I've decided to stop being so lazy and actually write some fanfic for one of my favorite shows and characters. So far, the plan is just for some one-shots, but if there is anything any of you want me to expand on once I write some, feel free to let me know. Also, I do think I'm a pretty decent writer, but an awful editor. If you catch a glaring mistake, please let me know.

I couldn't think of a good title, so for the time it will be titled in inspiration by Ana's toast.

I feel deeply connected to Peggy, as I'm sure many of you do. I will hopefully be starting the police academy in July, and I've faced a lot of the same struggles she has. Fortunately, my life has been made significantly easier thanks to real Peggy's who were brave and paved the way for women like me. I'm forever in their debt.

These stories will also be dedicated to my great grandpa, who we lost a few years ago. I was fortunate to know him well (he passed away when I was nearly twenty) and loved when he told me stories about when he was young. He served in World War Two and later as a Sheriff's Deputy, so some of his life will be inspiration for some of my storylines.

This first one is inspired by something someone said at his funeral.

They don't make men like that anymore.

Peggy had heard that phrase often in her life. Out to lunch when she would overhear the chatter of young women lamenting of their romantic prospects, in those horrifly cheesy documentaries on World War Two and the men who fought in it, and in regards to her sweet Daniel at his funeral.

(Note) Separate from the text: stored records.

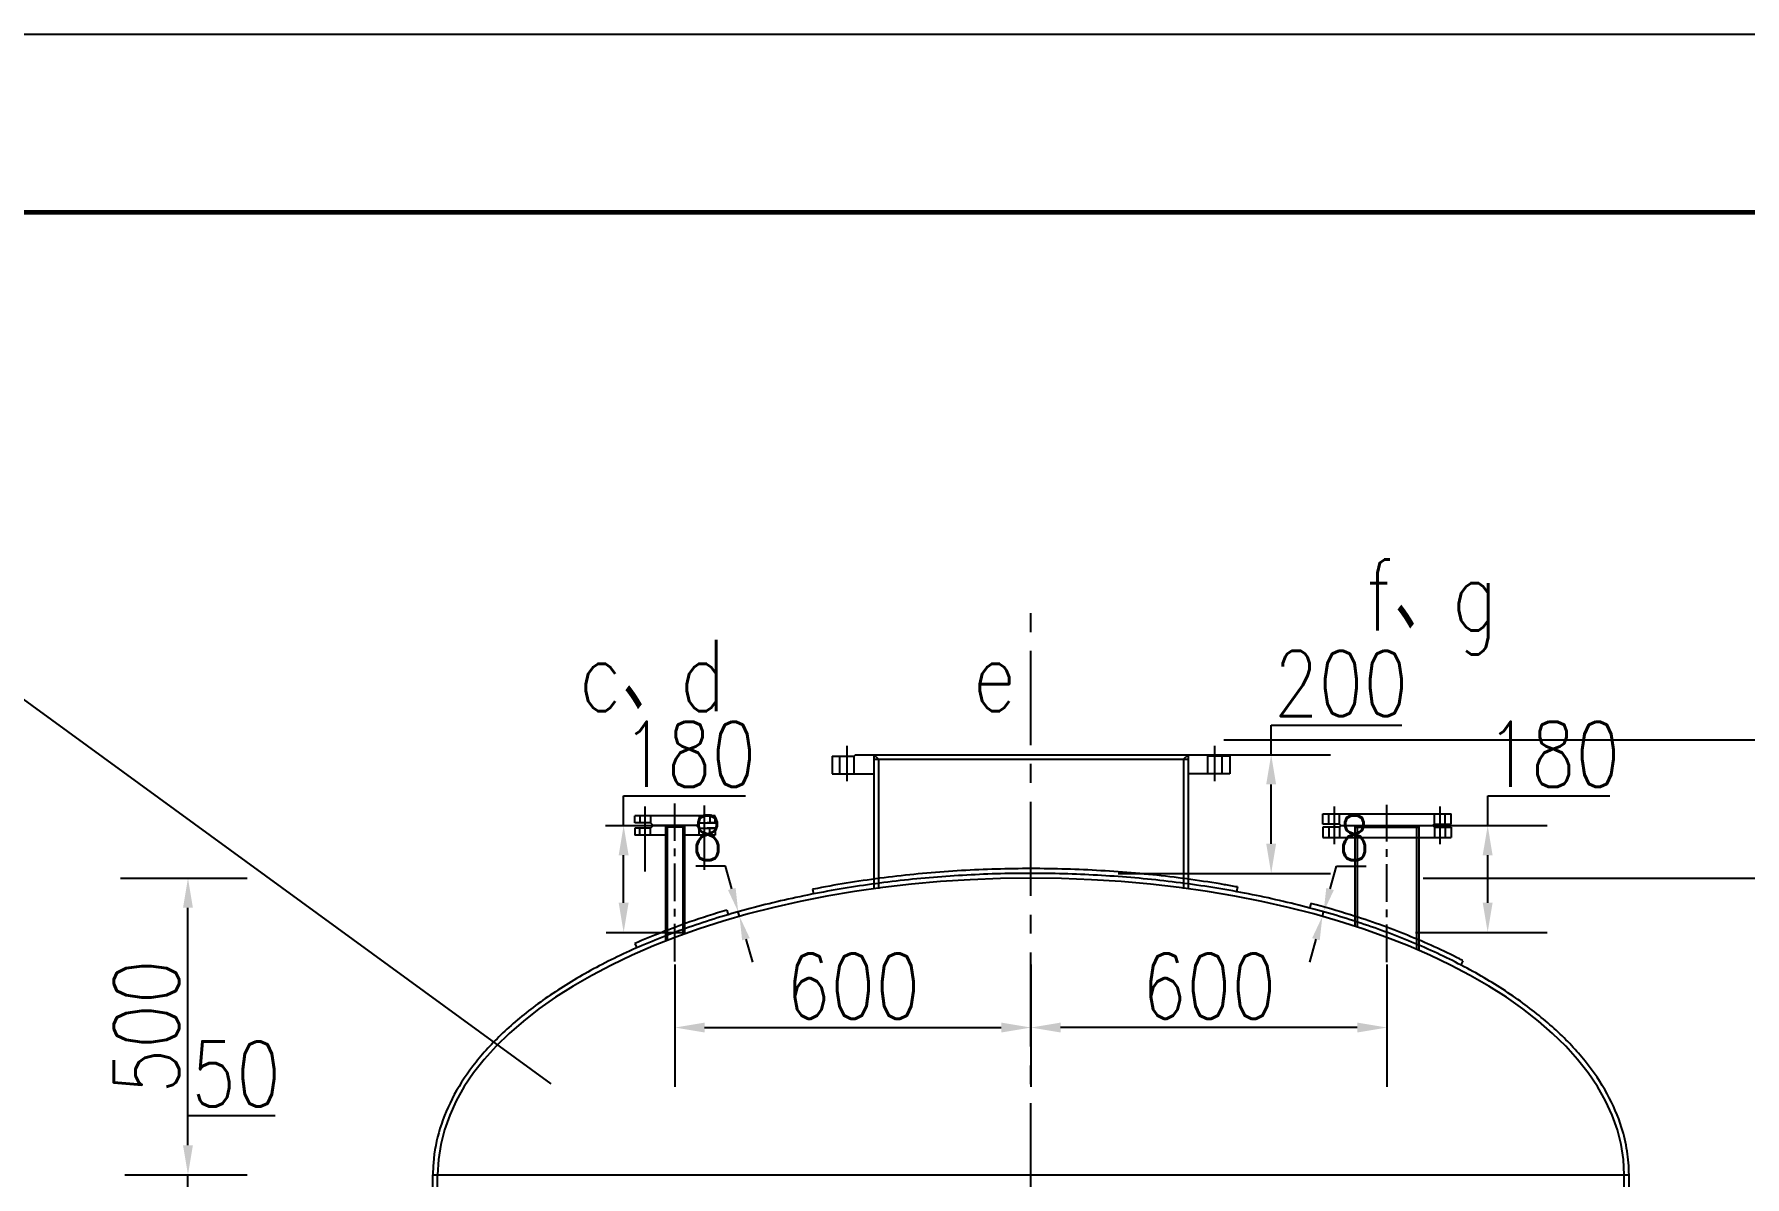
# Model space of a CAD drawing. Header units: millimetres. Extents: x -1286879 to -1269059, y -656245 to -631015.
# Drawn here: x -1284512 to -1281629, y -632940 to -631015 of the extents above; entities that cross this region are included whole.
import ezdxf

# ---------------------------------------------------------------- set-up
doc = ezdxf.new("R2010")
doc.units = ezdxf.units.MM
doc.linetypes.add('CENTER', pattern=[50.8, 31.75, -6.35, 6.35, -6.35])
doc.linetypes.add('EB_DASHDOT', pattern=[39, 30, -3, 3, -3])
doc.layers.get('0').update_dxf_attribs({"linetype": 'CONTINUOUS'})
doc.layers.get('Defpoints').update_dxf_attribs({"linetype": 'CONTINUOUS'})
doc.layers.add('EbLayer2', color=1, linetype='EB_DASHDOT')
doc.layers.add('EbLayer4', color=7, linetype='CONTINUOUS')
doc.styles.add('HZ', font='txt.shx', dxfattribs={"width": 0.8, "bigfont": 'hztxt.shx'})
doc.dimstyles.new('gqb100', dxfattribs={"dimscale": 5, "dimtxt": 20, "dimasz": 15, "dimexe": 40, "dimexo": 8, "dimgap": 5, "dimtad": 1, "dimtoh": 1, "dimdec": 0, "dimdsep": 46, "dimtxsty": 'HZ', "dimcen": 5, "dimadec": 0, "dimazin": 0, "dimtfac": 1, "dimtdec": 0, "dimtmove": 0, "dimatfit": 3, "dimfxl": 1, "dimtolj": 1, "dimtzin": 0, "dimarcsym": 0})

# ---------------------------------------------------------------- blocks, each defined once
blk = doc.blocks.new('*D453')
at = {"color": 0, "lineweight": -2, "ltscale": 0.5}
for p, q in [((-1282170.8, -632436.6), (-1280981.6, -632436.6)), ((-1281081.6, -632886.6), (-1281081.6, -632486.6)), ((-1281187.8, -632936.6), (-1280981.6, -632936.6))]:
    blk.add_line(p, q, dxfattribs=at)
at = {"color": 0, "ltscale": 0.5}
for points in [[(-1281089.9, -632486.6), (-1281073.3, -632486.6), (-1281081.6, -632436.6)], [(-1281089.9, -632886.6), (-1281073.3, -632886.6), (-1281081.6, -632936.6)]]:
    blk.add_solid(points, dxfattribs=at)
at = {"layer": 'Defpoints', "color": 0, "ltscale": 0.5}
for p in [(-1282200.8, -632436.6), (-1281081.6, -632436.6), (-1281217.8, -632936.6)]:
    blk.add_point(p, dxfattribs=at)
at = {"color": 0, "ltscale": 0.5, "insert": (-1281151.6, -632686.6), "char_height": 110, "attachment_point": 5, "rotation": 90, "style": 'HZ'}
blk.add_mtext('\\A1;500', dxfattribs=at)
blk = doc.blocks.new('*D456')
at = {"color": 0, "lineweight": -2, "ltscale": 0.5}
for p, q in [((-1282327.5, -632454.8), (-1282316.7, -632416.3)), ((-1282316.7, -632416.3), (-1282266.7, -632416.3)), ((-1282340.5, -632501), (-1282338.4, -632493.3)), ((-1282338.4, -632493.3), (-1282338.4, -632493.3)), ((-1282340.5, -632501), (-1282340.5, -632501)), ((-1282351.4, -632539.5), (-1282362.3, -632578))]:
    blk.add_line(p, q, dxfattribs=at)
at = {"color": 0, "ltscale": 0.5}
for points in [[(-1282333.9, -632453), (-1282321.1, -632456.6), (-1282338.4, -632493.3)], [(-1282357.8, -632537.7), (-1282345, -632541.3), (-1282340.5, -632501)]]:
    blk.add_solid(points, dxfattribs=at)
at = {"layer": 'Defpoints', "color": 0, "ltscale": 0.5}
for p in [(-1282338.4, -632493.3), (-1282338.4, -632493.3), (-1282340.5, -632501)]:
    blk.add_point(p, dxfattribs=at)
at = {"color": 0, "ltscale": 0.5, "insert": (-1282286.7, -632368.8), "char_height": 75, "attachment_point": 5, "style": 'HZ'}
blk.add_mtext('\\A1;8', dxfattribs=at)
blk = doc.blocks.new('*D457')
at = {"color": 0, "lineweight": -2, "ltscale": 0.5}
for p, q in [((-1283346.8, -632416.3), (-1283396.8, -632416.3)), ((-1283336, -632454.8), (-1283346.8, -632416.3)), ((-1283325.1, -632493.3), (-1283325.1, -632493.3)), ((-1283322.9, -632501), (-1283325.1, -632493.3)), ((-1283322.9, -632501), (-1283322.9, -632501)), ((-1283312.1, -632539.5), (-1283301.2, -632578))]:
    blk.add_line(p, q, dxfattribs=at)
at = {"color": 0, "ltscale": 0.5}
for points in [[(-1283329.5, -632453), (-1283342.4, -632456.6), (-1283325.1, -632493.3)], [(-1283305.7, -632537.7), (-1283318.5, -632541.3), (-1283322.9, -632501)]]:
    blk.add_solid(points, dxfattribs=at)
at = {"layer": 'Defpoints', "color": 0, "ltscale": 0.5}
for p in [(-1283325.1, -632493.3), (-1283325.1, -632493.3), (-1283322.9, -632501)]:
    blk.add_point(p, dxfattribs=at)
at = {"color": 0, "ltscale": 0.5, "insert": (-1283376.8, -632368.8), "char_height": 75, "attachment_point": 5, "style": 'HZ'}
blk.add_mtext('\\A1;8', dxfattribs=at)
blk = doc.blocks.new('*D458')
at = {"color": 0, "lineweight": -2, "ltscale": 0.5}
for p, q in [((-1282426.8, -632228.6), (-1282426.8, -632178.6)), ((-1282426.8, -632178.6), (-1282206.5, -632178.6)), ((-1282536.7, -632228.6), (-1282326.8, -632228.6)), ((-1282426.8, -632378.6), (-1282426.8, -632278.6)), ((-1282684.7, -632428.6), (-1282326.8, -632428.6))]:
    blk.add_line(p, q, dxfattribs=at)
at = {"color": 0, "ltscale": 0.5}
for points in [[(-1282435.2, -632278.6), (-1282418.5, -632278.6), (-1282426.8, -632228.6)], [(-1282435.2, -632378.6), (-1282418.5, -632378.6), (-1282426.8, -632428.6)]]:
    blk.add_solid(points, dxfattribs=at)
at = {"layer": 'Defpoints', "color": 0, "ltscale": 0.5}
for p in [(-1282566.7, -632228.6), (-1282426.8, -632228.6), (-1282714.7, -632428.6)]:
    blk.add_point(p, dxfattribs=at)
at = {"color": 0, "ltscale": 0.5, "insert": (-1282309.2, -632108.6), "char_height": 110, "attachment_point": 5, "style": 'HZ'}
blk.add_mtext('\\A1;200', dxfattribs=at)
blk = doc.blocks.new('*D459')
at = {"color": 0, "lineweight": -2, "ltscale": 0.5}
for p, q in [((-1283518.2, -632348), (-1283518.2, -632298)), ((-1283518.2, -632298), (-1283312.6, -632298)), ((-1283548.9, -632348), (-1283418.2, -632348)), ((-1283518.2, -632478), (-1283518.2, -632398)), ((-1283547.4, -632528), (-1283418.2, -632528))]:
    blk.add_line(p, q, dxfattribs=at)
at = {"color": 0, "ltscale": 0.5}
for points in [[(-1283526.6, -632398), (-1283509.9, -632398), (-1283518.2, -632348)], [(-1283526.6, -632478), (-1283509.9, -632478), (-1283518.2, -632528)]]:
    blk.add_solid(points, dxfattribs=at)
at = {"layer": 'Defpoints', "color": 0, "ltscale": 0.5}
for p in [(-1283578.9, -632348), (-1283518.2, -632348), (-1283577.4, -632528)]:
    blk.add_point(p, dxfattribs=at)
at = {"color": 0, "ltscale": 0.5, "insert": (-1283407.9, -632228), "char_height": 110, "attachment_point": 5, "style": 'HZ'}
blk.add_mtext('\\A1;180', dxfattribs=at)
blk = doc.blocks.new('*D460')
at = {"color": 0, "lineweight": -2, "ltscale": 0.5}
for p, q in [((-1282061.9, -632348), (-1282061.9, -632298)), ((-1282061.9, -632298), (-1281856.3, -632298)), ((-1282161.1, -632348), (-1281961.9, -632348)), ((-1282061.9, -632478), (-1282061.9, -632398)), ((-1282183.6, -632528), (-1281961.9, -632528))]:
    blk.add_line(p, q, dxfattribs=at)
at = {"color": 0, "ltscale": 0.5}
for points in [[(-1282070.3, -632398), (-1282053.6, -632398), (-1282061.9, -632348)], [(-1282070.3, -632478), (-1282053.6, -632478), (-1282061.9, -632528)]]:
    blk.add_solid(points, dxfattribs=at)
at = {"layer": 'Defpoints', "color": 0, "ltscale": 0.5}
for p in [(-1282191.1, -632348), (-1282061.9, -632348), (-1282213.6, -632528)]:
    blk.add_point(p, dxfattribs=at)
at = {"color": 0, "ltscale": 0.5, "insert": (-1281951.6, -632228), "char_height": 110, "attachment_point": 5, "style": 'HZ'}
blk.add_mtext('\\A1;180', dxfattribs=at)
blk = doc.blocks.new('*D461')
at = {"color": 0, "lineweight": -2, "ltscale": 0.5}
for p, q in [((-1283431.7, -632582.2), (-1283431.7, -632788.4)), ((-1282831.7, -632582.2), (-1282831.7, -632788.4)), ((-1283381.7, -632688.4), (-1282881.7, -632688.4))]:
    blk.add_line(p, q, dxfattribs=at)
at = {"color": 0, "ltscale": 0.5}
for points in [[(-1283381.7, -632680), (-1283381.7, -632696.7), (-1283431.7, -632688.4)], [(-1282881.7, -632680), (-1282881.7, -632696.7), (-1282831.7, -632688.4)]]:
    blk.add_solid(points, dxfattribs=at)
at = {"layer": 'Defpoints', "color": 0, "ltscale": 0.5}
for p in [(-1283431.7, -632552.2), (-1282831.7, -632552.2), (-1282831.7, -632688.4)]:
    blk.add_point(p, dxfattribs=at)
at = {"color": 0, "ltscale": 0.5, "insert": (-1283131.7, -632618.4), "char_height": 110, "attachment_point": 5, "style": 'HZ'}
blk.add_mtext('\\A1;600', dxfattribs=at)
blk = doc.blocks.new('*D462')
at = {"color": 0, "lineweight": -2, "ltscale": 0.5}
for p, q in [((-1282831.7, -632582.2), (-1282831.7, -632788.4)), ((-1282231.7, -632582.2), (-1282231.7, -632788.4)), ((-1282281.7, -632688.4), (-1282781.7, -632688.4))]:
    blk.add_line(p, q, dxfattribs=at)
at = {"color": 0, "ltscale": 0.5}
for points in [[(-1282781.7, -632680), (-1282781.7, -632696.7), (-1282831.7, -632688.4)], [(-1282281.7, -632680), (-1282281.7, -632696.7), (-1282231.7, -632688.4)]]:
    blk.add_solid(points, dxfattribs=at)
at = {"layer": 'Defpoints', "color": 0, "ltscale": 0.5}
for p in [(-1282831.7, -632552.2), (-1282231.7, -632552.2), (-1282831.7, -632688.4)]:
    blk.add_point(p, dxfattribs=at)
at = {"color": 0, "ltscale": 0.5, "insert": (-1282531.7, -632618.4), "char_height": 110, "attachment_point": 5, "style": 'HZ'}
blk.add_mtext('\\A1;600', dxfattribs=at)
blk = doc.blocks.new('*D339')
at = {"color": 0, "lineweight": -2, "ltscale": 0.5}
for p, q in [((-1282506.7, -632203.6), (-1280781.7, -632203.6)), ((-1280881.7, -632253.6), (-1280881.7, -654709.3)), ((-1280961.4, -654759.3), (-1280781.7, -654759.3))]:
    blk.add_line(p, q, dxfattribs=at)
at = {"color": 0, "ltscale": 0.5}
for points in [[(-1280890.1, -632253.6), (-1280873.4, -632253.6), (-1280881.7, -632203.6)], [(-1280890.1, -654709.3), (-1280873.4, -654709.3), (-1280881.7, -654759.3)]]:
    blk.add_solid(points, dxfattribs=at)
at = {"layer": 'Defpoints', "color": 0, "ltscale": 0.5}
for p in [(-1282536.7, -632203.6), (-1280991.4, -654759.3), (-1280881.7, -654759.3)]:
    blk.add_point(p, dxfattribs=at)
at = {"color": 0, "ltscale": 0.5, "insert": (-1280951.7, -643481.4), "char_height": 110, "attachment_point": 5, "rotation": 90, "style": 'HZ'}
blk.add_mtext('\\A1;~22556', dxfattribs=at)
blk = doc.blocks.new('*D352')
at = {"color": 0, "lineweight": -2, "ltscale": 0.5}
for p, q in [((-1284252.5, -632886.6), (-1284252.5, -632836.6)), ((-1284252.5, -632836.6), (-1284105.5, -632836.6)), ((-1284358.7, -632936.6), (-1284152.5, -632936.6)), ((-1284252.5, -632986.6), (-1284252.5, -632936.6)), ((-1284358.7, -632986.6), (-1284152.5, -632986.6)), ((-1284252.5, -633036.6), (-1284252.5, -633086.6))]:
    blk.add_line(p, q, dxfattribs=at)
at = {"color": 0, "ltscale": 0.5}
for points in [[(-1284260.9, -632886.6), (-1284244.2, -632886.6), (-1284252.5, -632936.6)], [(-1284260.9, -633036.6), (-1284244.2, -633036.6), (-1284252.5, -632986.6)]]:
    blk.add_solid(points, dxfattribs=at)
at = {"layer": 'Defpoints', "color": 0, "ltscale": 0.5}
for p in [(-1284388.7, -632936.6), (-1284252.5, -632936.6), (-1284388.7, -632986.6)]:
    blk.add_point(p, dxfattribs=at)
at = {"color": 0, "ltscale": 0.5, "insert": (-1284171.5, -632766.6), "char_height": 110, "attachment_point": 5, "style": 'HZ'}
blk.add_mtext('\\A1;50', dxfattribs=at)
blk = doc.blocks.new('*D353')
at = {"color": 0, "lineweight": -2, "ltscale": 0.5}
for p, q in [((-1284366.3, -632436.6), (-1284152.5, -632436.6)), ((-1284252.5, -632886.6), (-1284252.5, -632486.6)), ((-1284358.7, -632936.6), (-1284152.5, -632936.6))]:
    blk.add_line(p, q, dxfattribs=at)
at = {"color": 0, "ltscale": 0.5}
for points in [[(-1284260.9, -632486.6), (-1284244.2, -632486.6), (-1284252.5, -632436.6)], [(-1284260.9, -632886.6), (-1284244.2, -632886.6), (-1284252.5, -632936.6)]]:
    blk.add_solid(points, dxfattribs=at)
at = {"layer": 'Defpoints', "color": 0, "ltscale": 0.5}
for p in [(-1284396.3, -632436.6), (-1284252.5, -632436.6), (-1284388.7, -632936.6)]:
    blk.add_point(p, dxfattribs=at)
at = {"color": 0, "ltscale": 0.5, "insert": (-1284322.5, -632686.6), "char_height": 110, "attachment_point": 5, "rotation": 90, "style": 'HZ'}
blk.add_mtext('\\A1;500', dxfattribs=at)

msp = doc.modelspace()

# ---------------------------------------------------------------- linework, layer by layer
at = {"color": 1}
msp.add_line((-1286879.2, -631014.5), (-1269059.2, -631014.5), dxfattribs=at)
at = {"color": 2, "lineweight": 60}
msp.add_line((-1286129.2, -631314.5), (-1269359.2, -631314.5), dxfattribs=at)
at = {"linetype": 'CENTER', "ltscale": 5}
msp.add_line((-1282831.7, -654818.5), (-1282831.7, -631981.8), dxfattribs=at)
at = {"ltscale": 0.5}
for p, q in [((-1284639.8, -632055.2), (-1283640.7, -632783.2)), ((-1283088.7, -632235.9), (-1283096.7, -632228.6)), ((-1282574.7, -632235.9), (-1282566.7, -632228.6)), ((-1283444.7, -632350.8), (-1283447.7, -632348)), ((-1283418.7, -632350.8), (-1283444.7, -632350.8)), ((-1283418.7, -632350.8), (-1283415.7, -632348))]:
    msp.add_line(p, q, dxfattribs=at)
at = {"linetype": 'CENTER', "ltscale": 2}
for p, q in [((-1283153.7, -632260.6), (-1283153.7, -632231.1)), ((-1283141.7, -632273.4), (-1283141.7, -632213.7)), ((-1283129.7, -632260.6), (-1283129.7, -632231.1)), ((-1282533.7, -632260.6), (-1282533.7, -632231.1)), ((-1282521.7, -632273.4), (-1282521.7, -632213.7)), ((-1282509.7, -632260.6), (-1282509.7, -632231.1)), ((-1283431.7, -632577.2), (-1283431.7, -632310.9)), ((-1282320.7, -632315.7), (-1282320.7, -632382.1)), ((-1282231.7, -632578.3), (-1282231.7, -632313.1)), ((-1282142.7, -632315.7), (-1282142.7, -632382.1))]:
    msp.add_line(p, q, dxfattribs=at)
for p, q in [((-1283395.2, -632348), (-1283468.2, -632348)), ((-1283364.2, -632352.6), (-1283377.3, -632352.6))]:
    msp.add_line(p, q)
at = {"color": 4, "ltscale": 0.5}
for p, q in [((-1283447.7, -632348), (-1283447.7, -632542.7)), ((-1283444.7, -632350.8), (-1283444.7, -632541.5)), ((-1283418.7, -632350.8), (-1283418.7, -632531.8)), ((-1283415.7, -632348), (-1283415.7, -632530.7)), ((-1282339.7, -632328), (-1282123.7, -632328)), ((-1282339.7, -632345.5), (-1282339.7, -632328)), ((-1282311.7, -632345.5), (-1282339.7, -632345.5)), ((-1282339.7, -632350.5), (-1282339.7, -632368)), ((-1282311.7, -632350.5), (-1282339.7, -632350.5)), ((-1282329.7, -632345.5), (-1282329.7, -632328)), ((-1282329.7, -632350.5), (-1282329.7, -632368)), ((-1282311.7, -632345.5), (-1282311.7, -632328)), ((-1282309.2, -632348), (-1282311.7, -632345.5)), ((-1282309.2, -632348), (-1282311.7, -632350.5)), ((-1282311.7, -632350.5), (-1282311.7, -632368)), ((-1282309.2, -632348), (-1282154.2, -632348)), ((-1282309.2, -632348), (-1282154.2, -632348)), ((-1282285.7, -632348), (-1282285.7, -632517.7)), ((-1282285.7, -632350.5), (-1282177.7, -632350.5)), ((-1282281.7, -632350.5), (-1282281.7, -632519)), ((-1282181.7, -632350.5), (-1282181.7, -632556.6)), ((-1282177.7, -632348), (-1282177.7, -632558.3)), ((-1282154.2, -632348), (-1282151.7, -632345.5)), ((-1282154.2, -632348), (-1282151.7, -632350.5)), ((-1282151.7, -632345.5), (-1282151.7, -632328)), ((-1282151.7, -632345.5), (-1282123.7, -632345.5)), ((-1282151.7, -632350.5), (-1282151.7, -632368)), ((-1282151.7, -632350.5), (-1282123.7, -632350.5)), ((-1282133.7, -632345.5), (-1282133.7, -632328)), ((-1282133.7, -632350.5), (-1282133.7, -632368)), ((-1282123.7, -632345.5), (-1282123.7, -632328)), ((-1282123.7, -632350.5), (-1282123.7, -632368)), ((-1282339.7, -632368), (-1282123.7, -632368)), ((-1283839.7, -632986.6), (-1283839.7, -632936.6)), ((-1283831.7, -632986.6), (-1283831.7, -632936.6)), ((-1281831.7, -632986.6), (-1281831.7, -632936.6)), ((-1281823.7, -632986.6), (-1281823.7, -632936.6))]:
    msp.add_line(p, q, dxfattribs=at)
at = {"color": 6, "ltscale": 0.5}
for p, q in [((-1283199.7, -632455.3), (-1283198.2, -632463.2)), ((-1282483.7, -632451.5), (-1282485.2, -632459.4)), ((-1283344.2, -632490.5), (-1283342, -632498.2)), ((-1282359.7, -632479.2), (-1282361.8, -632486.9)), ((-1283499.2, -632546.7), (-1283496, -632554.1)), ((-1282103.7, -632575.7), (-1282107.4, -632582.8))]:
    msp.add_line(p, q, dxfattribs=at)
at = {"color": 7, "lineweight": 25}
msp.add_line((-1283839.7, -632936.6), (-1281823.7, -632936.6), dxfattribs=at)
at = {"color": 4, "ltscale": 0.5}
msp.add_ellipse((-1282831.7, -632936.6), major_axis=(-1000, 0), ratio=0.5, start_param=3.141593, end_param=6.283185, dxfattribs=at)
msp.add_open_spline([(-1281823.7, -632936.6), (-1281823.7, -632923.2), (-1281824.8, -632909.8), (-1281828.9, -632883.2), (-1281832, -632869.9), (-1281842.2, -632837.6), (-1281850.4, -632818.6), (-1281870.9, -632781.3), (-1281883.3, -632762.9), (-1281912, -632727.2), (-1281928.3, -632709.8), (-1281964.8, -632676.1), (-1281984.9, -632659.8), (-1282028.6, -632628.4), (-1282052.2, -632613.4), (-1282102.6, -632584.8), (-1282129.4, -632571.2), (-1282185.9, -632545.7), (-1282215.6, -632533.7), (-1282277.4, -632511.6), (-1282309.5, -632501.4), (-1282375.9, -632482.9), (-1282410.1, -632474.6), (-1282480.2, -632459.9), (-1282516, -632453.6), (-1282588.9, -632443.1), (-1282626, -632438.8), (-1282700.8, -632432.5), (-1282738.6, -632430.4), (-1282814.3, -632428.3), (-1282852.3, -632428.3), (-1282928.1, -632430.5), (-1282965.8, -632432.7), (-1283040.6, -632439.2), (-1283077.6, -632443.5), (-1283150.4, -632454.1), (-1283186.3, -632460.5), (-1283256.2, -632475.2), (-1283290.4, -632483.6), (-1283356.7, -632502.2), (-1283388.7, -632512.4), (-1283450.4, -632534.7), (-1283480, -632546.7), (-1283536.3, -632572.3), (-1283563, -632585.9), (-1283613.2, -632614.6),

They don't make men like that anymore.

She can't help but laugh when she hears the phrase sometimes. Honestly, what men are they talking about when they imagine the sophisticated days of the past? She remembers men she certainly would be glad they never make again. The world could live without those brutes to make her daughters and her granddaughters lives that much harder than it will inevitably be.

They don't make men like that anymore.

But she also can't help but understand what they mean. When she looks through old photograph albums with her grandchildren after the funeral, she smiles at the seemingly glamorous days that have passed them by. Even casual days at the zoo were accompanied with button up shirts for her Daniel. Only rare pictures of summers at the beach show a more casual side to him. Even in his old age, Daniel could never let go of his wardrobe, finding tee shirts unimaginably improper to wear in public. She can understand those young women's lament about their beau's when she gently touches a finger to a picture of Daniel helping her out of a car, his suit and tie fitting him perfectly.

She suspects it's the clothes that make the men of the past seem so much more refined and mature. It doesn't seem possible to those young women that men dressed as crisply as that would ever stoop to immaturity. Instead, they imagine those men holding doors and taking them to the opera.

They don't make men like that anymore.

Yet when she looks around her home with friends and family milling about, she knows this could not be anymore untrue. She sees her daughter's husband gently stroking her shoulder as she cries into his arms. She smiles at her granddaughter's young boyfriend who brings Peggy a glass of water and asks if she needs anything else. She hears several men comment they'll make sure their sons come by to help Peggy with the yard work that had been Daniel's duty until the end.

They don't make men like that anymore.

No, they certainly do. The world just will never be able to replicate some so sweet, gentle and kind as her Daniel. But that's okay, she reminds herself as she looks at their wedding pictures. Men and women are not put on this earth to be just like someone before them. There will never be another man like Daniel Sousa, but there will be plenty of men who are sweet, gentle and kind in their own right.